Re: SQL competition: the shortest interval coalesce/pack query
Date: Fri, 03 Dec 2004 16:04:14 GMT
Message-ID: <280sd.51091$Vk6.17422_at_twister.nyc.rr.com>
"Mikito Harakiri" <mikharakiri_at_iahu.com> wrote in message news:2uPrd.61$G45.36_at_news.oracle.com...
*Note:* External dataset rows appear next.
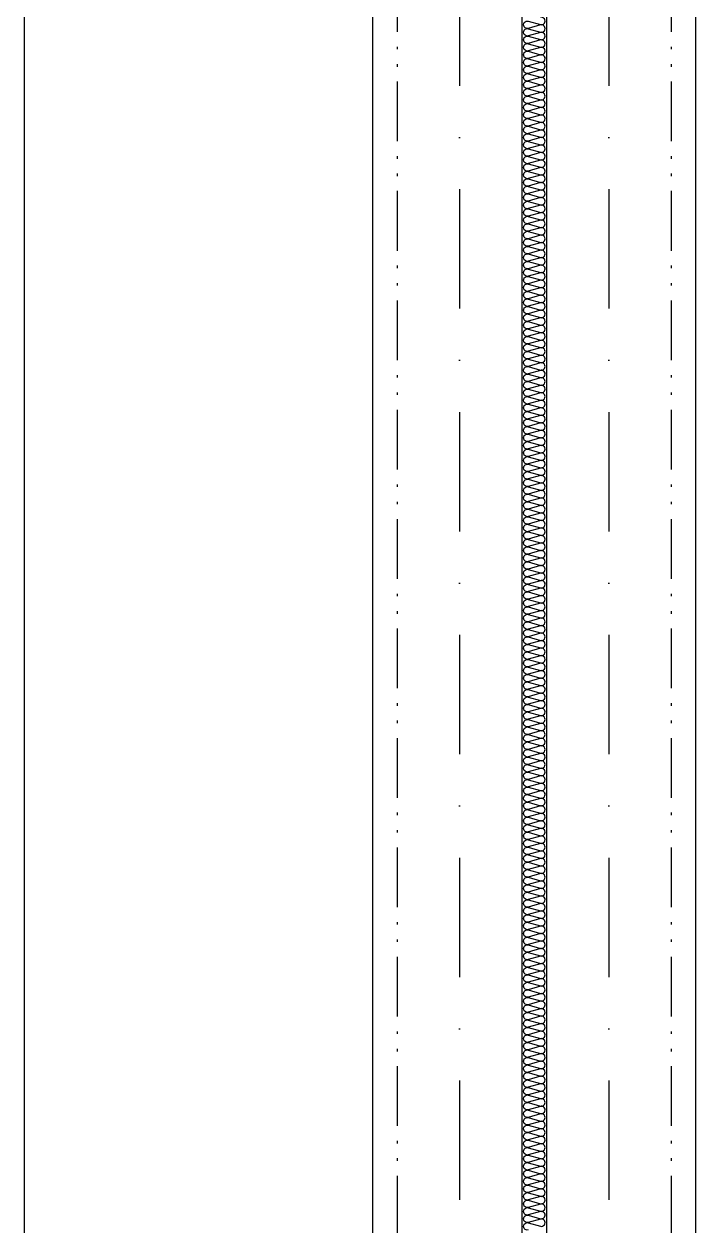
# Model space of a CAD drawing. Extents: x 4511820 to 5180432, y -1526536 to -944957.
# Drawn here: x 5006401 to 5007751, y -1490689 to -1488272 of the extents above; entities that cross this region are included whole.
import ezdxf

# ---------------------------------------------------------------- set-up
doc = ezdxf.new("R2010")
doc.units = 0
doc.header["$MEASUREMENT"] = 0
doc.linetypes.add('ACAD_ISO12W100', pattern=[22, 12, -3, 0.5, -3, 0.5, -3])
doc.linetypes.add('BODKOCIARKOVANA_3', pattern=[5.6, 3, -1.3, 0, -1.3])
for name, color, linetype in [('MÚRY', 1, 'CONTINUOUS'), ('osi', 253, 'CONTINUOUS'), ('TENKÁ', 7, 'CONTINUOUS'), ('ŠRAFY', 82, 'CONTINUOUS')]:
    doc.layers.add(name, color=color, linetype=linetype)

msp = doc.modelspace()

# ---------------------------------------------------------------- linework, layer by layer
at = {"layer": 'MÚRY', "linetype": 'Continuous', "lineweight": 30}
msp.add_line((5006401, -1486538), (5006401, -1492868), dxfattribs=at)
at = {"layer": 'osi', "linetype": 'BODKOCIARKOVANA_3', "ltscale": 80}
for p, q in [((5007276, -1463510.809), (5007276, -1502135.094)), ((5007576, -1463510.809), (5007576, -1502135.094))]:
    msp.add_line(p, q, dxfattribs=at)
at = {"layer": 'TENKÁ'}
for p, q in [((5007401, -1485588), (5007401, -1499268)), ((5007451, -1485588), (5007451, -1499268)), ((5007101, -1485988), (5007101, -1498868)), ((5007751, -1498868), (5007751, -1485988))]:
    msp.add_line(p, q, dxfattribs=at)
at = {"layer": 'TENKÁ', "color": 40, "linetype": 'ACAD_ISO12W100', "ltscale": 10}
for p, q in [((5007151, -1485968), (5007151, -1494468)), ((5007701, -1485968), (5007701, -1494468))]:
    msp.add_line(p, q, dxfattribs=at)
at = {"layer": 'ŠRAFY'}
for points in [[(5007447.999, -1488341.849, 0.50326334), (5007438.363, -1488334.484), (5007414.146, -1488341.447, -1.32801381), (5007414.146, -1488326.934), (5007438.363, -1488333.896, 1.32801381), (5007438.363, -1488319.384), (5007414.146, -1488326.346, -1.32801381), (5007414.146, -1488311.833), (5007438.363, -1488318.796, 1.32801381), (5007438.363, -1488304.283), (5007414.146, -1488311.245, -1.32801381), (5007414.146, -1488296.732), (5007438.363, -1488303.695, 1.32801381), (5007438.363, -1488289.182), (5007414.146, -1488296.144, -1.32801381), (5007414.146, -1488281.632), (5007438.363, -1488288.594, 1.32801381), (5007438.363, -1488274.081), (5007414.146, -1488281.044, -1.32801381), (5007414.146, -1488266.531), (5007438.363, -1488273.493, 1.32801381), (5007438.363, -1488258.98)], [(5007447.999, -1488553.26, 0.50326334), (5007438.363, -1488545.896), (5007414.146, -1488552.858, -1.32801381), (5007414.146, -1488538.345), (5007438.363, -1488545.308, 1.32801381), (5007438.363, -1488530.795), (5007414.146, -1488537.757, -1.32801381), (5007414.146, -1488523.244), (5007438.363, -1488530.207, 1.32801381), (5007438.363, -1488515.694), (5007414.146, -1488522.656, -1.32801381), (5007414.146, -1488508.144), (5007438.363, -1488515.106, 1.32801381), (5007438.363, -1488500.593), (5007414.146, -1488507.556, -1.32801381), (5007414.146, -1488493.043), (5007438.363, -1488500.005, 1.32801381), (5007438.363, -1488485.492), (5007414.146, -1488492.455, -1.32801381), (5007414.146, -1488477.942), (5007438.363, -1488484.904, 1.32801381), (5007438.363, -1488470.392), (5007414.146, -1488477.354, -1.32801381), (5007414.146, -1488462.841), (5007438.363, -1488469.804, 1.32801381), (5007438.363, -1488455.291), (5007414.146, -1488462.253, -1.32801381), (5007414.146, -1488447.74), (5007438.363, -1488454.703, 1.32801381), (5007438.363, -1488440.19), (5007414.146, -1488447.152, -1.32801381), (5007414.146, -1488432.64), (5007438.363, -1488439.602, 1.32801381), (5007438.363, -1488425.089), (5007414.146, -1488432.052, -1.32801381), (5007414.146, -1488417.539), (5007438.363, -1488424.501, 1.32801381), (5007438.363, -1488409.988), (5007414.146, -1488416.951, -1.32801381), (5007414.146, -1488402.438), (5007438.363, -1488409.4, 1.32801381), (5007438.363, -1488394.888), (5007414.146, -1488401.85, -1.32801381), (5007414.146, -1488387.337), (5007438.363, -1488394.3, 1.32801381), (5007438.363, -1488379.787), (5007414.146, -1488386.749, -1.32801381), (5007414.146, -1488372.236), (5007438.363, -1488379.199, 1.32801381), (5007438.363, -1488364.686), (5007414.146, -1488371.648, -1.32801381), (5007414.146, -1488357.136), (5007438.363, -1488364.098, 1.32801381), (5007438.363, -1488349.585), (5007414.146, -1488356.548, -1.32801381), (5007414.146, -1488342.035), (5007438.363, -1488348.997, 0.71622723), (5007446.526, -1488337.26, 0.71622723)], [(5007447.999, -1488764.671, 0.50326334), (5007438.363, -1488757.307), (5007414.146, -1488764.269, -1.32801381), (5007414.146, -1488749.756), (5007438.363, -1488756.719, 1.32801381), (5007438.363, -1488742.206), (5007414.146, -1488749.168, -1.32801381), (5007414.146, -1488734.656), (5007438.363, -1488741.618, 1.32801381), (5007438.363, -1488727.105), (5007414.146, -1488734.068, -1.32801381), (5007414.146, -1488719.555), (5007438.363, -1488726.517, 1.32801381), (5007438.363, -1488712.004), (5007414.146, -1488718.967, -1.32801381), (5007414.146, -1488704.454), (5007438.363, -1488711.416, 1.32801381), (5007438.363, -1488696.904), (5007414.146, -1488703.866, -1.32801381), (5007414.146, -1488689.353), (5007438.363, -1488696.316, 1.32801381), (5007438.363, -1488681.803), (5007414.146, -1488688.765, -1.32801381), (5007414.146, -1488674.252), (5007438.363, -1488681.215, 1.32801381), (5007438.363, -1488666.702), (5007414.146, -1488673.664, -1.32801381), (5007414.146, -1488659.152), (5007438.363, -1488666.114, 1.32801381), (5007438.363, -1488651.601), (5007414.146, -1488658.564, -1.32801381), (5007414.146, -1488644.051), (5007438.363, -1488651.013, 1.32801381), (5007438.363, -1488636.5), (5007414.146, -1488643.463, -1.32801381), (5007414.146, -1488628.95), (5007438.363, -1488635.912, 1.32801381), (5007438.363, -1488621.4), (5007414.146, -1488628.362, -1.32801381), (5007414.146, -1488613.849), (5007438.363, -1488620.812, 1.32801381), (5007438.363, -1488606.299), (5007414.146, -1488613.261, -1.32801381), (5007414.146, -1488598.748), (5007438.363, -1488605.711, 1.32801381), (5007438.363, -1488591.198), (5007414.146, -1488598.16, -1.32801381), (5007414.146, -1488583.648), (5007438.363, -1488590.61, 1.32801381), (5007438.363, -1488576.097), (5007414.146, -1488583.06, -1.32801381), (5007414.146, -1488568.547), (5007438.363, -1488575.509, 1.32801381), (5007438.363, -1488560.996), (5007414.146, -1488567.959, -1.32801381), (5007414.146, -1488553.446), (5007438.363, -1488560.408, 0.71622723), (5007446.526, -1488548.671, 0.71622723)], [(5007447.999, -1488976.082, 0.50326334), (5007438.363, -1488968.718), (5007414.146, -1488975.68, -1.32801381), (5007414.146, -1488961.168), (5007438.363, -1488968.13, 1.32801381), (5007438.363, -1488953.617), (5007414.146, -1488960.58, -1.32801381), (5007414.146, -1488946.067), (5007438.363, -1488953.029, 1.32801381), (5007438.363, -1488938.516), (5007414.146, -1488945.479, -1.32801381), (5007414.146, -1488930.966), (5007438.363, -1488937.928, 1.32801381), (5007438.363, -1488923.416), (5007414.146, -1488930.378, -1.32801381), (5007414.146, -1488915.865), (5007438.363, -1488922.828, 1.32801381), (5007438.363, -1488908.315), (5007414.146, -1488915.277, -1.32801381), (5007414.146, -1488900.764), (5007438.363, -1488907.727, 1.32801381), (5007438.363, -1488893.214), (5007414.146, -1488900.176, -1.32801381), (5007414.146, -1488885.664), (5007438.363, -1488892.626, 1.32801381), (5007438.363, -1488878.113), (5007414.146, -1488885.076, -1.32801381), (5007414.146, -1488870.563), (5007438.363, -1488877.525, 1.32801381), (5007438.363, -1488863.012), (5007414.146, -1488869.975, -1.32801381), (5007414.146, -1488855.462), (5007438.363, -1488862.424, 1.32801381), (5007438.363, -1488847.912), (5007414.146, -1488854.874, -1.32801381), (5007414.146, -1488840.361), (5007438.363, -1488847.324, 1.32801381), (5007438.363, -1488832.811), (5007414.146, -1488839.773, -1.32801381), (5007414.146, -1488825.26), (5007438.363, -1488832.223, 1.32801381), (5007438.363, -1488817.71), (5007414.146, -1488824.672, -1.32801381), (5007414.146, -1488810.16), (5007438.363, -1488817.122, 1.32801381), (5007438.363, -1488802.609), (5007414.146, -1488809.572, -1.32801381), (5007414.146, -1488795.059), (5007438.363, -1488802.021, 1.32801381), (5007438.363, -1488787.508), (5007414.146, -1488794.471, -1.32801381), (5007414.146, -1488779.958), (5007438.363, -1488786.92, 1.32801381), (5007438.363, -1488772.408), (5007414.146, -1488779.37, -1.32801381), (5007414.146, -1488764.857), (5007438.363, -1488771.82, 0.71622723), (5007446.526, -1488760.082, 0.71622723)], [(5007447.999, -1489187.493, 0.50326334), (5007438.363, -1489180.129), (5007414.146, -1489187.092, -1.32801381), (5007414.146, -1489172.579), (5007438.363, -1489179.541, 1.32801381), (5007438.363, -1489165.028), (5007414.146, -1489171.991, -1.32801381), (5007414.146, -1489157.478), (5007438.363, -1489164.44, 1.32801381), (5007438.363, -1489149.928), (5007414.146, -1489156.89, -1.32801381), (5007414.146, -1489142.377), (5007438.363, -1489149.34, 1.32801381), (5007438.363, -1489134.827), (5007414.146, -1489141.789, -1.32801381), (5007414.146, -1489127.276), (5007438.363, -1489134.239, 1.32801381), (5007438.363, -1489119.726), (5007414.146, -1489126.688, -1.32801381), (5007414.146, -1489112.176), (5007438.363, -1489119.138, 1.32801381), (5007438.363, -1489104.625), (5007414.146, -1489111.588, -1.32801381), (5007414.146, -1489097.075), (5007438.363, -1489104.037, 1.32801381), (5007438.363, -1489089.524), (5007414.146, -1489096.487, -1.32801381), (5007414.146, -1489081.974), (5007438.363, -1489088.936, 1.32801381), (5007438.363, -1489074.424), (5007414.146, -1489081.386, -1.32801381), (5007414.146, -1489066.873), (5007438.363, -1489073.836, 1.32801381), (5007438.363, -1489059.323), (5007414.146, -1489066.285, -1.32801381), (5007414.146, -1489051.772), (5007438.363, -1489058.735, 1.32801381), (5007438.363, -1489044.222), (5007414.146, -1489051.184, -1.32801381), (5007414.146, -1489036.672), (5007438.363, -1489043.634, 1.32801381), (5007438.363, -1489029.121), (5007414.146, -1489036.084, -1.32801381), (5007414.146, -1489021.571), (5007438.363, -1489028.533, 1.32801381), (5007438.363, -1489014.02), (5007414.146, -1489020.983, -1.32801381), (5007414.146, -1489006.47), (5007438.363, -1489013.432, 1.32801381), (5007438.363, -1488998.92), (5007414.146, -1489005.882, -1.32801381), (5007414.146, -1488991.369), (5007438.363, -1488998.332, 1.32801381), (5007438.363, -1488983.819), (5007414.146, -1488990.781, -1.32801381), (5007414.146, -1488976.268), (5007438.363, -1488983.231, 0.71622723), (5007446.526, -1488971.493, 0.71622723)], [(5007447.999, -1489398.905, 0.50326334), (5007438.363, -1489391.54), (5007414.146, -1489398.503, -1.32801381), (5007414.146, -1489383.99), (5007438.363, -1489390.952, 1.32801381), (5007438.363, -1489376.44), (5007414.146, -1489383.402, -1.32801381), (5007414.146, -1489368.889), (5007438.363, -1489375.852, 1.32801381), (5007438.363, -1489361.339), (5007414.146, -1489368.301, -1.32801381), (5007414.146, -1489353.788), (5007438.363, -1489360.751, 1.32801381), (5007438.363, -1489346.238), (5007414.146, -1489353.2, -1.32801381), (5007414.146, -1489338.688), (5007438.363, -1489345.65, 1.32801381), (5007438.363, -1489331.137), (5007414.146, -1489338.1, -1.32801381), (5007414.146, -1489323.587), (5007438.363, -1489330.549, 1.32801381), (5007438.363, -1489316.036), (5007414.146, -1489322.999, -1.32801381), (5007414.146, -1489308.486), (5007438.363, -1489315.448, 1.32801381), (5007438.363, -1489300.936), (5007414.146, -1489307.898, -1.32801381), (5007414.146, -1489293.385), (5007438.363, -1489300.348, 1.32801381), (5007438.363, -1489285.835), (5007414.146, -1489292.797, -1.32801381), (5007414.146, -1489278.284), (5007438.363, -1489285.247, 1.32801381), (5007438.363, -1489270.734), (5007414.146, -1489277.696, -1.32801381), (5007414.146, -1489263.184), (5007438.363, -1489270.146, 1.32801381), (5007438.363, -1489255.633), (5007414.146, -1489262.596, -1.32801381), (5007414.146, -1489248.083), (5007438.363, -1489255.045, 1.32801381), (5007438.363, -1489240.532), (5007414.146, -1489247.495, -1.32801381), (5007414.146, -1489232.982), (5007438.363, -1489239.944, 1.32801381), (5007438.363, -1489225.432), (5007414.146, -1489232.394, -1.32801381), (5007414.146, -1489217.881), (5007438.363, -1489224.844, 1.32801381), (5007438.363, -1489210.331), (5007414.146, -1489217.293, -1.32801381), (5007414.146, -1489202.78), (5007438.363, -1489209.743, 1.32801381), (5007438.363, -1489195.23), (5007414.146, -1489202.192, -1.32801381), (5007414.146, -1489187.68), (5007438.363, -1489194.642, 0.71622723), (5007446.526, -1489182.905, 0.71622723)], [(5007447.999, -1489610.316, 0.50326334), (5007438.363, -1489602.952), (5007414.146, -1489609.914, -1.32801381), (5007414.146, -1489595.401), (5007438.363, -1489602.364, 1.32801381), (5007438.363, -1489587.851), (5007414.146, -1489594.813, -1.32801381), (5007414.146, -1489580.3), (5007438.363, -1489587.263, 1.32801381), (5007438.363, -1489572.75), (5007414.146, -1489579.712, -1.32801381), (5007414.146, -1489565.2), (5007438.363, -1489572.162, 1.32801381), (5007438.363, -1489557.649), (5007414.146, -1489564.612, -1.32801381), (5007414.146, -1489550.099), (5007438.363, -1489557.061, 1.32801381), (5007438.363, -1489542.548), (5007414.146, -1489549.511, -1.32801381), (5007414.146, -1489534.998), (5007438.363, -1489541.96, 1.32801381), (5007438.363, -1489527.448), (5007414.146, -1489534.41, -1.32801381), (5007414.146, -1489519.897), (5007438.363, -1489526.86, 1.32801381), (5007438.363, -1489512.347), (5007414.146, -1489519.309, -1.32801381), (5007414.146, -1489504.796), (5007438.363, -1489511.759, 1.32801381), (5007438.363, -1489497.246), (5007414.146, -1489504.208, -1.32801381), (5007414.146, -1489489.696), (5007438.363, -1489496.658, 1.32801381), (5007438.363, -1489482.145), (5007414.146, -1489489.108, -1.32801381), (5007414.146, -1489474.595), (5007438.363, -1489481.557, 1.32801381), (5007438.363, -1489467.044), (5007414.146, -1489474.007, -1.32801381), (5007414.146, -1489459.494), (5007438.363, -1489466.456, 1.32801381), (5007438.363, -1489451.944), (5007414.146, -1489458.906, -1.32801381), (5007414.146, -1489444.393), (5007438.363, -1489451.356, 1.32801381), (5007438.363, -1489436.843), (5007414.146, -1489443.805, -1.32801381), (5007414.146, -1489429.292), (5007438.363, -1489436.255, 1.32801381), (5007438.363, -1489421.742), (5007414.146, -1489428.704, -1.32801381), (5007414.146, -1489414.192), (5007438.363, -1489421.154, 1.32801381), (5007438.363, -1489406.641), (5007414.146, -1489413.604, -1.32801381), (5007414.146, -1489399.091), (5007438.363, -1489406.053, 0.71622723), (5007446.526, -1489394.316, 0.71622723)], [(5007447.999, -1489821.727, 0.50326334), (5007438.363, -1489814.363), (5007414.146, -1489821.325, -1.32801381), (5007414.146, -1489806.812), (5007438.363, -1489813.775, 1.32801381), (5007438.363, -1489799.262), (5007414.146, -1489806.224, -1.32801381), (5007414.146, -1489791.712), (5007438.363, -1489798.674, 1.32801381), (5007438.363, -1489784.161), (5007414.146, -1489791.124, -1.32801381), (5007414.146, -1489776.611), (5007438.363, -1489783.573, 1.32801381), (5007438.363, -1489769.06), (5007414.146, -1489776.023, -1.32801381), (5007414.146, -1489761.51), (5007438.363, -1489768.472, 1.32801381), (5007438.363, -1489753.96), (5007414.146, -1489760.922, -1.32801381), (5007414.146, -1489746.409), (5007438.363, -1489753.372, 1.32801381), (5007438.363, -1489738.859), (5007414.146, -1489745.821, -1.32801381), (5007414.146, -1489731.308), (5007438.363, -1489738.271, 1.32801381), (5007438.363, -1489723.758), (5007414.146, -1489730.72, -1.32801381), (5007414.146, -1489716.208), (5007438.363, -1489723.17, 1.32801381), (5007438.363, -1489708.657), (5007414.146, -1489715.62, -1.32801381), (5007414.146, -1489701.107), (5007438.363, -1489708.069, 1.32801381), (5007438.363, -1489693.556), (5007414.146, -1489700.519, -1.32801381), (5007414.146, -1489686.006), (5007438.363, -1489692.968, 1.32801381), (5007438.363, -1489678.456), (5007414.146, -1489685.418, -1.32801381), (5007414.146, -1489670.905), (5007438.363, -1489677.868, 1.32801381), (5007438.363, -1489663.355), (5007414.146, -1489670.317, -1.32801381), (5007414.146, -1489655.804), (5007438.363, -1489662.767, 1.32801381), (5007438.363, -1489648.254), (5007414.146, -1489655.216, -1.32801381), (5007414.146, -1489640.704), (5007438.363, -1489647.666, 1.32801381), (5007438.363, -1489633.153), (5007414.146, -1489640.116, -1.32801381), (5007414.146, -1489625.603), (5007438.363, -1489632.565, 1.32801381), (5007438.363, -1489618.052), (5007414.146, -1489625.015, -1.32801381), (5007414.146, -1489610.502), (5007438.363, -1489617.464, 0.71622723), (5007446.526, -1489605.727, 0.71622723)], [(5007447.999, -1490033.138, 0.50326334), (5007438.363, -1490025.774), (5007414.146, -1490032.736, -1.32801381), (5007414.146, -1490018.224), (5007438.363, -1490025.186, 1.32801381), (5007438.363, -1490010.673), (5007414.146, -1490017.636, -1.32801381), (5007414.146, -1490003.123), (5007438.363, -1490010.085, 1.32801381), (5007438.363, -1489995.572), (5007414.146, -1490002.535, -1.32801381), (5007414.146, -1489988.022), (5007438.363, -1489994.984, 1.32801381), (5007438.363, -1489980.472), (5007414.146, -1489987.434, -1.32801381), (5007414.146, -1489972.921), (5007438.363, -1489979.884, 1.32801381), (5007438.363, -1489965.371), (5007414.146, -1489972.333, -1.32801381), (5007414.146, -1489957.82), (5007438.363, -1489964.783, 1.32801381), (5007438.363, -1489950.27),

> Write the shortest sql query that would return a minimal cover of a set of
> intervals. For example, given
>
> Intervals = {(x=1,y=3), (x=2,y=5), (x=4, y=11), (x=10,y=12), (x=20,y=21)}
>
> it should return
>
> cover(Intervals) = {(x=1,y=12), (x=20,y=21)}
>
> "Developing Time-Oriented..." book by R.Snordgrass demonstrates several
> rather lenthy solutions (pp.160+). The book is freely downloadable.
>
> To be able to compare results, lets agree that each of the clauses (select,
> from, where, group by, having) starts a new line. (Each subquery/inner view
> must obey this rule as well.) Also, no more than 2 column expressions are
> allowed to fit on a single line in the select clause. Likewise, no more than
> 2 view/tables are allowed on a single line within from clause, no more than
> 2 predicates in the each line of the where clause, etc. If anybody knows
> alternative (maybe even standard) sql formatting rules, you are welcome to
> suggest those.
CREATE TABLE Intervals
(
begin_interval INT NOT NULL,
end_interval INT NOT NULL,
CHECK (end_interval > begin_interval),
PRIMARY KEY (begin_interval, end_interval)
);
INSERT INTO Intervals (begin_interval, end_interval)
VALUES (1,3);
INSERT INTO Intervals (begin_interval, end_interval)
VALUES (2,5);
INSERT INTO Intervals (begin_interval, end_interval)
VALUES (4,11);
INSERT INTO Intervals (begin_interval, end_interval)
VALUES (10,12);
INSERT INTO Intervals (begin_interval, end_interval)
VALUES (20,21);
WITH Gaps (begin_gap, end_gap)
AS (SELECT MAX(I1.end_interval), I2.begin_interval
FROM Intervals AS I1
INNER JOIN
Intervals AS I2
ON I1.begin_interval < I2.begin_interval
GROUP BY I2.begin_interval
HAVING MAX(I1.end_interval) < I2.begin_interval)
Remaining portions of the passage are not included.